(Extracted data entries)
*** Begin section ***

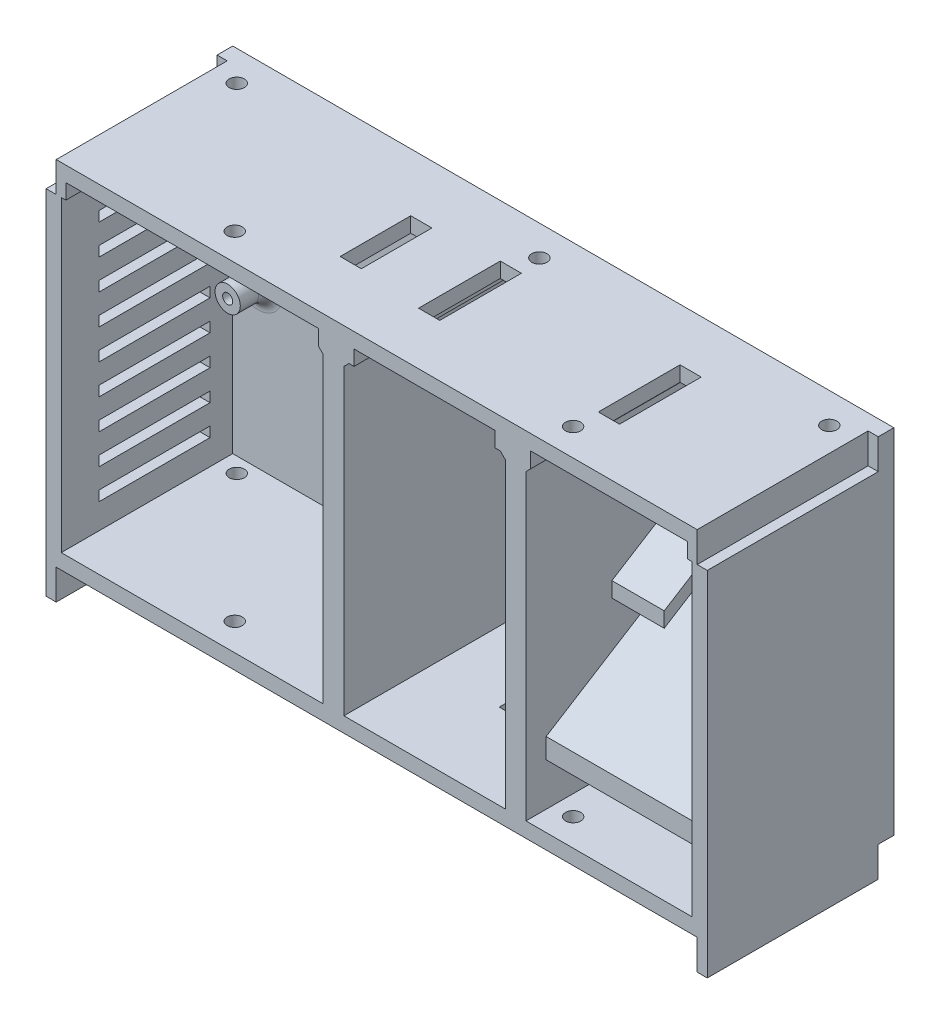
SolidWorks part; units mm, degrees
material "ABS"
ref_plane "Alzado" through (0, 0, 0) normal (0, 0, 1) x (1, 0, 0)
ref_plane "Planta" through (0, 0, 0) normal (0, 1, 0) x (1, 0, 0)
ref_plane "Vista lateral" through (0, 0, 0) normal (1, 0, 0) x (0, 0, -1)
sketch "Croquis1" plane through (0, 0, 0) normal (0, 0, 1) x (1, 0, 0)
  line L0 (0, 0) -> (2, 0)
  line L1 (2, 0) -> (2, 6)
  line L2 (55, 0) -> (55, 6)
  line L3 (55, 6) -> (2, 6)
  line L4 (56, 0) -> (56, 6)
  line L5 (56, 6) -> (58, 6)
  line L6 (58, 6) -> (58, 0)
  line L7 (58, 0) -> (59, 0)
  line L8 (59, 0) -> (59, 6)
  line L9 (91.1, 0) -> (91.1, 6)
  line L10 (59, 6) -> (91.1, 6)
  line L11 (92.1, 0) -> (92.1, 6)
  line L12 (92.1, 6) -> (94.1, 6)
  line L13 (94.1, 6) -> (94.1, 0)
  line L14 (95.1, 0) -> (95.1, 6)
  line L15 (129.1, 0) -> (129.1, 6)
  line L16 (129.1, 6) -> (95.1, 6)
  line L17 (0, 0) -> (0, -64)
  line L18 (0, -64) -> (131.1, -64)
  line L19 (131.1, -64) -> (131.1, 0)
  line L20 (55, 0) -> (56, 0)
  line L21 (58, 0) -> (59, 0)
  line L22 (129.1, 0) -> (131.1, 0)
  line L23 (94.1, 0) -> (95.1, 0)
  line L24 (91.1, 0) -> (92.1, 0)
  line L25 (2, 0) -> (129.1, 0)
  line L26 (55, 6) -> (56, 6)
  line L27 (58, 6) -> (59, 6)
  line L28 (91.1, 6) -> (92.1, 6)
  line L29 (94.1, 6) -> (95.1, 6)
  point P3 (2, 0)
  point P4 (129.1, 0)
  point P5 (55, 0)
  point P10 (56, 0)
  point P11 (58, 0)
  point P12 (59, 0)
  point P15 (91.1, 0)
  point P22 (92.1, 0)
  point P23 (94.1, 0)
  point P24 (95.1, 0)
  dimension "D1" = 131.1
  dimension "D2" = 2
  dimension "D3" = 2
  dimension "D4" = 55
  dimension "D5" = 6
  dimension "D6" = 1
  dimension "D7" = 2
  dimension "D8" = 1
  dimension "D9" = 32.1
  dimension "D10" = 1
  dimension "D11" = 2
  dimension "D12" = 1
  dimension "D13" = 64
extrude "Saliente-Extruir1" add sketch "Croquis1" along normal blind 34 contours L8 L25 L9 L10 | L1 L25 L2 L3 | L14 L25 L15 L16 | L11 L25 L13 L12 | L4 L25 L6 L5 | L26 L2 L20 L4 | L27 L6 L7 L8 | L29 L13 L23 L14 | L28 L9 L24 L11 region at (28.5, 3, 0) region at (55.5, 3, 0) region at (57, 3, 0) region at (58.5, 3, 0) region at (112.1, 3, 0) region at (75.05, 3, 0) region at (94.6, 3, 0) region at (91.6, 3, 0) region at (93.1, 3, 0)
sketch "Croquis2" plane through (0, 0, 0) normal (0, 0, 1) x (1, 0, 0)
  line L1 (2, -64) -> (129.1, -64)
  line L3 (129.1, 0) -> (2, 0)
  line L5 (129.1, 0) -> (131.1, 0)
  line L7 (129.1, -64) -> (131.1, -64)
  line L8 (131.1, 0) -> (131.1, -64)
  line L9 (2, -64) -> (0, -64)
  line L11 (2, 0) -> (0, 0)
  line L12 (0, -64) -> (0, 0)
  dimension "D1" = 64
  dimension "D2" = 2
  dimension "D3" = 2
extrude "Saliente-Extruir2" add sketch "Croquis2" along normal blind 3
sketch "Croquis3" plane through (0, 0, 3) normal (0, 0, 1) x (1, 0, 0)
  line L0 (0, -64) -> (131.1, -64) construction
  line L1 (131.1, 0) -> (128.1, 0)
  line L2 (131.1, 0) -> (131.1, -64)
  line L3 (131.1, -64) -> (128.1, -64)
  line L4 (128.1, 0) -> (128.1, -61)
  line L6 (0, 0) -> (3, 0)
  line L7 (0, 0) -> (0, -64)
  line L8 (0, -64) -> (3, -64)
  line L9 (3, 0) -> (3, -61)
  line L10 (3, -64) -> (128.1, -64)
  line L12 (3, -61) -> (128.1, -61)
  dimension "D1" = 3
  dimension "D2" = 3
  dimension "D3" = 3
extrude "Saliente-Extruir3" add sketch "Croquis3" along normal up to vertex (31 mm away) up to point (129.1, 0, 34)
sketch "Croquis4" plane through (0, 0, 0) normal (0, 0, -1) x (-1, 0, 0)
  line L25 (-2, 6) -> (-129.1, 6)
  line L34 (-129.1, 6) -> (-129.1, 0)
  line L35 (-129.1, 0) -> (-131.1, 0)
  line L36 (-131.1, 0) -> (-131.1, -64)
  line L37 (-131.1, -64) -> (0, -64)
  line L38 (0, -64) -> (0, 0)
  line L39 (0, 0) -> (-2, 0)
  line L40 (-2, 0) -> (-2, 6)
  line L49 (-2, 6) -> (-129.1, 6)
  line L58 (-129.1, 6) -> (-129.1, 0)
  line L59 (-129.1, 0) -> (-131.1, 0)
  line L60 (-131.1, 0) -> (-131.1, -64)
  line L61 (-131.1, -64) -> (0, -64)
  line L62 (0, -64) -> (0, 0)
  line L63 (0, 0) -> (-2, 0)
  line L64 (-2, 0) -> (-2, 6)
  dimension "D1" = 0
extrude "Saliente-Extruir4" add sketch "Croquis4" along normal blind 3
sketch "Croquis5" plane through (0, 0, 3) normal (0, 0, 1) x (1, 0, 0)
  line L1 (128.1, -61) -> (3, -61) construction
  line L4 (0, -64) -> (0, 0) construction
  line L23 (54.95, 0.05) -> (59.05, 0.05)
  line L26 (128.1, 0) -> (3, 0) construction
  line L27 (54.95, 0.05) -> (54.95, -61)
  line L28 (59.05, 0.05) -> (59.05, -61)
  line L29 (91.05, 0.05) -> (95.15, 0.05)
  line L32 (196.65, 0) -> (-65.55, 0) construction
  line L33 (91.05, 0.05) -> (91.05, -61)
  line L34 (128.1, -61) -> (3, -61) construction
  line L35 (91.05, -61) -> (95.15, -61)
  line L36 (95.15, -61) -> (95.15, 0.05)
  line M6 (128.1, 0) -> (3, 0)
  line M8 (128.1, 0) -> (3, 0)
  line M10 (128.1, 0) -> (3, 0)
  line M12 (128.1, 0) -> (3, 0)
  line M14 (128.1, 0) -> (3, 0)
  line M16 (3, -61) -> (128.1, -61)
  dimension "D1" = 54.95
  dimension "D2" = 32
  dimension "D3" = 4.1
  dimension "D4" = 0.05
  dimension "D6" = 0.05
extrude "Saliente-Extruir10" add sketch "Croquis5" along normal up to vertex (31 mm away) contours L28 L27 M10 M12 M14 M16 | L36 L33 M16 M6 M8 M10 region at (57, -30.5, 3) region at (93.1, -30.5, 3) up to point (3, 0, 34)
sketch "Croquis6" plane through (0, 0, 0) normal (0, -1, 0) x (1, 0, 0)
  line L0 (0, 34) -> (0, -3) construction
  line L1 (0, 15.5) -> (131.1, 15.5) construction
  line L2 (131.1, 34) -> (131.1, -3) construction
  line L3 (51, 8.5) -> (51, 22.5)
  line L4 (51, 22.5) -> (46.8, 22.5)
  line L5 (46.8, 22.5) -> (46.8, 8.5)
  line L6 (46.8, 8.5) -> (51, 8.5)
  line L7 (99.1, 7.4) -> (99.1, 23.6)
  line L8 (99.1, 23.6) -> (103.3, 23.6)
  line L9 (103.3, 23.6) -> (103.3, 7.4)
  line L10 (103.3, 7.4) -> (99.1, 7.4)
  line L11 (63.45, 7.4) -> (63.45, 23.6)
  line L12 (63.45, 23.6) -> (67.65, 23.6)
  line L13 (67.65, 23.6) -> (67.65, 7.4)
  line L14 (67.65, 7.4) -> (63.45, 7.4)
  point P6 (99.1, 15.5)
  point P9 (51, 15.5)
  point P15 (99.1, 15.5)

*** End section ***

Going back to the entries above, set down exactly the lines that begin at the one with "line L12 (0, -64) -> (0, 0)" and end at the one with "line L8 (0, -64) -> (3, -64)", both included, and nothing else.

  line L12 (0, -64) -> (0, 0)
  dimension "D1" = 64
  dimension "D2" = 2
  dimension "D3" = 2
extrude "Saliente-Extruir2" add sketch "Croquis2" along normal blind 3
sketch "Croquis3" plane through (0, 0, 3) normal (0, 0, 1) x (1, 0, 0)
  line L0 (0, -64) -> (131.1, -64) construction
  line L1 (131.1, 0) -> (128.1, 0)
  line L2 (131.1, 0) -> (131.1, -64)
  line L3 (131.1, -64) -> (128.1, -64)
  line L4 (128.1, 0) -> (128.1, -61)
  line L6 (0, 0) -> (3, 0)
  line L7 (0, 0) -> (0, -64)
  line L8 (0, -64) -> (3, -64)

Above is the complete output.